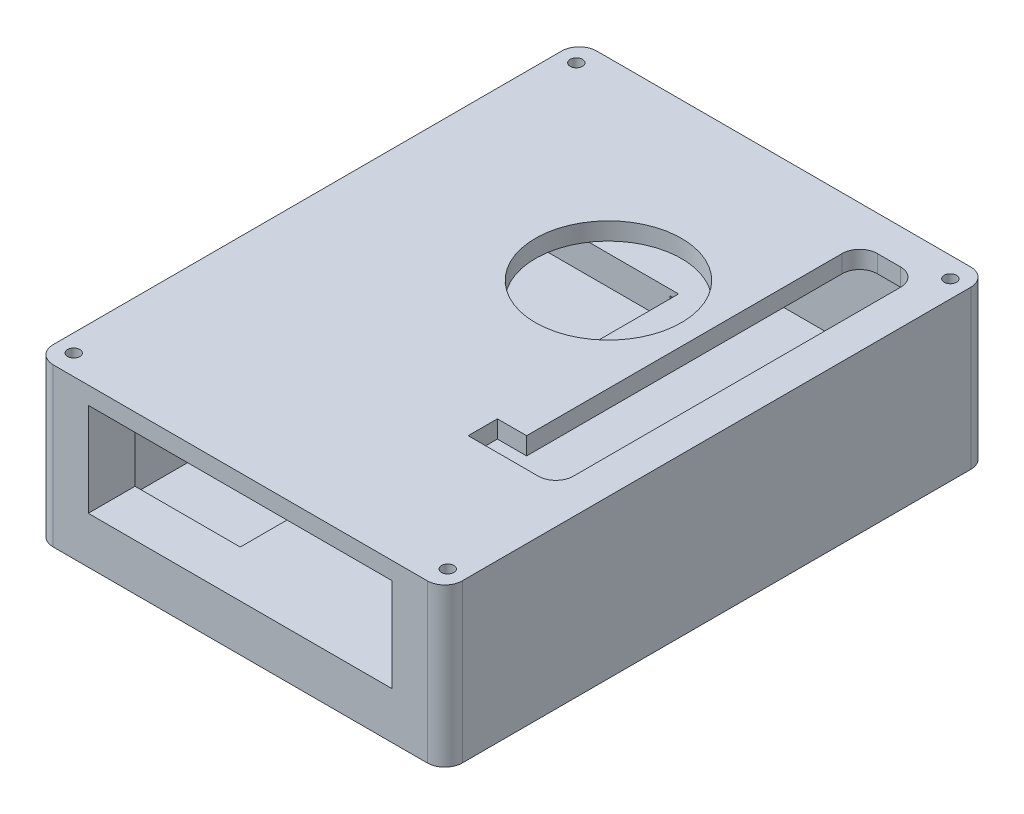
SolidWorks part; units mm, degrees
ref_plane "前视基准面" through (0, 0, 0) normal (0, 0, 1) x (1, 0, 0)
ref_plane "上视基准面" through (0, 0, 0) normal (0, 1, 0) x (1, 0, 0)
ref_plane "右视基准面" through (0, 0, 0) normal (1, 0, 0) x (0, 0, -1)
sketch "草图1" plane through (0, 0, 0) normal (0, 1, 0) x (1, 0, 0)
  line L1 (-32, -46.5) -> (32, -46.5)
  line L2 (-35, -43.5) -> (-35, 43.5)
  line L3 (-32, 46.5) -> (32, 46.5)
  line L4 (35, -43.5) -> (35, 43.5)
  line L5 (-35, -46.5) -> (35, 46.5) construction
  line L6 (-35, 46.5) -> (35, -46.5) construction
  arc A0 (-32, -46.5) -> (-35, -43.5) centre (-32, -43.5) cw
  arc A1 (32, -46.5) -> (35, -43.5) centre (32, -43.5) ccw
  arc A2 (32, 46.5) -> (35, 43.5) centre (32, 43.5) cw
  arc A3 (-35, 43.5) -> (-32, 46.5) centre (-32, 43.5) cw
  point P0 (0, 0)
  dimension "D3" = 3
  dimension "D1" = 93
  dimension "D2" = 70
extrude "凸台-拉伸1" add sketch "草图1" along normal blind 27
sketch "草图2" plane through (-35, 0, 0) normal (-1, 0, 0) x (0, 0, 1)
  line L0 (-43.5, 0) -> (43.5, 0) construction
  line L1 (-36.5, 17) -> (18.5, 17)
  line L2 (-36.5, 17) -> (-36.5, 3)
  line L3 (-36.5, 3) -> (18.5, 3)
  line L4 (18.5, 17) -> (18.5, 3)
  line L5 (-36.5, 17) -> (18.5, 3) construction
  line L6 (-36.5, 3) -> (18.5, 17) construction
  line L7 (-46.5, 27) -> (-46.5, 0) construction
  point P0 (-9, 10)
  dimension "D1" = 55
  dimension "D2" = 14
  dimension "D3" = 3
  dimension "D4" = 10
extrude "切除-拉伸1" cut sketch "草图2" against normal blind 27
sketch "草图3" plane through (0, 0, 46.5) normal (0, 0, 1) x (1, 0, 0)
  line L0 (0, 0) -> (0, 16) construction
  line L1 (-26, 24) -> (26, 24)
  line L2 (-26, 24) -> (-26, 8)
  line L3 (-26, 8) -> (26, 8)
  line L4 (26, 24) -> (26, 8)
  line L5 (-26, 24) -> (26, 8) construction
  line L6 (-26, 8) -> (26, 24) construction
  line L7 (-32, 0) -> (32, 0) construction
  point P0 (0, 16)
  dimension "D1" = 52
  dimension "D2" = 16
  dimension "D3" = 8
extrude "切除-拉伸2" cut sketch "草图3" against normal blind 90
sketch "草图4" plane through (0, 27, 0) normal (0, 1, 0) x (1, 0, 0)
  line L0 (32, 46.5) -> (-32, 46.5) construction
  line L1 (26, 40.5) -> (22, 40.5)
  line L2 (29, 37.5) -> (29, -18.5)
  line L3 (26, -21.5) -> (19, -21.5)
  line L4 (19, 37.5) -> (19, -16.5)
  line L5 (35, -43.5) -> (35, 43.5) construction
  line L7 (19, -21.5) -> (14, -21.5)
  line L9 (19, -16.5) -> (14, -16.5)
  line L10 (14, -21.5) -> (14, -16.5)
  arc A0 (29, -18.5) -> (26, -21.5) centre (26, -18.5) cw
  arc A1 (22, 40.5) -> (19, 37.5) centre (22, 37.5) ccw
  arc A2 (26, 40.5) -> (29, 37.5) centre (26, 37.5) cw
  circle A3 centre (3, 13.5) radius 12.5
  point P10 (29, -21.5)
  point P13 (19, 40.5)
  point P16 (29, 40.5)
  dimension "D5" = 3
  dimension "D8" = 25
  dimension "D1" = 10
  dimension "D2" = 62
  dimension "D3" = 6
  dimension "D4" = 6
  dimension "D6" = 5
  dimension "D7" = 5
  dimension "D9" = 32
  dimension "D10" = 33
extrude "切除-拉伸3" cut sketch "草图4" against normal up to surface (19 mm away) up to face at (-8.5, 8, -3.75)
sketch "草图5" plane through (0, 0, 18.5) normal (0, 0, -1) x (-1, 0, 0)
  line L0 (26, 17) -> (30, 17)
  line L1 (26, 17) -> (35, 17) construction
  line L2 (30, 17) -> (30, 3)
  line L3 (8, 3) -> (35, 3) construction
  line L4 (30, 3) -> (8, 3)
  line L5 (8, 3) -> (8, 8)
  line L6 (8, 8) -> (26, 8)
  line L7 (26, 8) -> (26, 17)
  line L8 (35, 3) -> (35, 17) construction
  dimension "D1" = 5
extrude "切除-拉伸4" cut sketch "草图5" against normal blind 20
sketch "草图6" plane through (0, 27, 0) normal (0, 1, 0) x (1, 0, 0)
  line L0 (32, 43) -> (-32, 43) construction
  line L1 (-32, 43) -> (-32, -43) construction
  line L2 (-32, -43) -> (32, -43) construction
  line L3 (32, -43) -> (32, 43) construction
  line L4 (32, 46.5) -> (-32, 46.5) construction
  line L5 (-32, -46.5) -> (32, -46.5) construction
  line L6 (35, -43.5) -> (35, 43.5) construction
  line L7 (-35, 43.5) -> (-35, -43.5) construction
  circle A0 centre (-32, 43) radius 1.05
  circle A1 centre (-32, -43) radius 1.05
  circle A2 centre (32, -43) radius 1.05
  circle A3 centre (32, 43) radius 1.05
  dimension "D1" = 2.1
  dimension "D2" = 2.1
  dimension "D3" = 2.1
  dimension "D4" = 2.1
  dimension "D5" = 3.5
  dimension "D6" = 3.5
  dimension "D7" = 3
  dimension "D8" = 3
extrude "切除-拉伸5" cut sketch "草图6" against normal through all
sketch "草图7" plane through (0, 0, 0) normal (0, -1, 0) x (1, 0, 0)
  line L0 (32, -46.5) -> (-32, -46.5) construction
  line L1 (11.5, -46.5) -> (-9.5, -46.5)
  line L2 (11.5, -46.5) -> (11.5, -31.5)
  line L3 (8.5, -28.5) -> (-6.5, -28.5)
  line L4 (-9.5, -46.5) -> (-9.5, -31.5)
  line L5 (35, 43.5) -> (35, -43.5) construction
  arc A0 (11.5, -31.5) -> (8.5, -28.5) centre (8.5, -31.5) ccw
  arc A1 (-6.5, -28.5) -> (-9.5, -31.5) centre (-6.5, -31.5) ccw
  dimension "D4" = 3
  dimension "D1" = 21
  dimension "D2" = 23.5
  dimension "D3" = 18
extrude "切除-拉伸6" cut sketch "草图7" against normal blind 7

_____

▸ **WORK INSTRUCTIONS**
What you return must be the lines above that run from the line with "line L3 (-26, 8) -> (26, 8)" to the line with "normal blind 90", inclusive, each copied exactly.

▸ **RESPONSE TO THIS EXERCISE**
  line L3 (-26, 8) -> (26, 8)
  line L4 (26, 24) -> (26, 8)
  line L5 (-26, 24) -> (26, 8) construction
  line L6 (-26, 8) -> (26, 24) construction
  line L7 (-32, 0) -> (32, 0) construction
  point P0 (0, 16)
  dimension "D1" = 52
  dimension "D2" = 16
  dimension "D3" = 8
extrude "切除-拉伸2" cut sketch "草图3" against normal blind 90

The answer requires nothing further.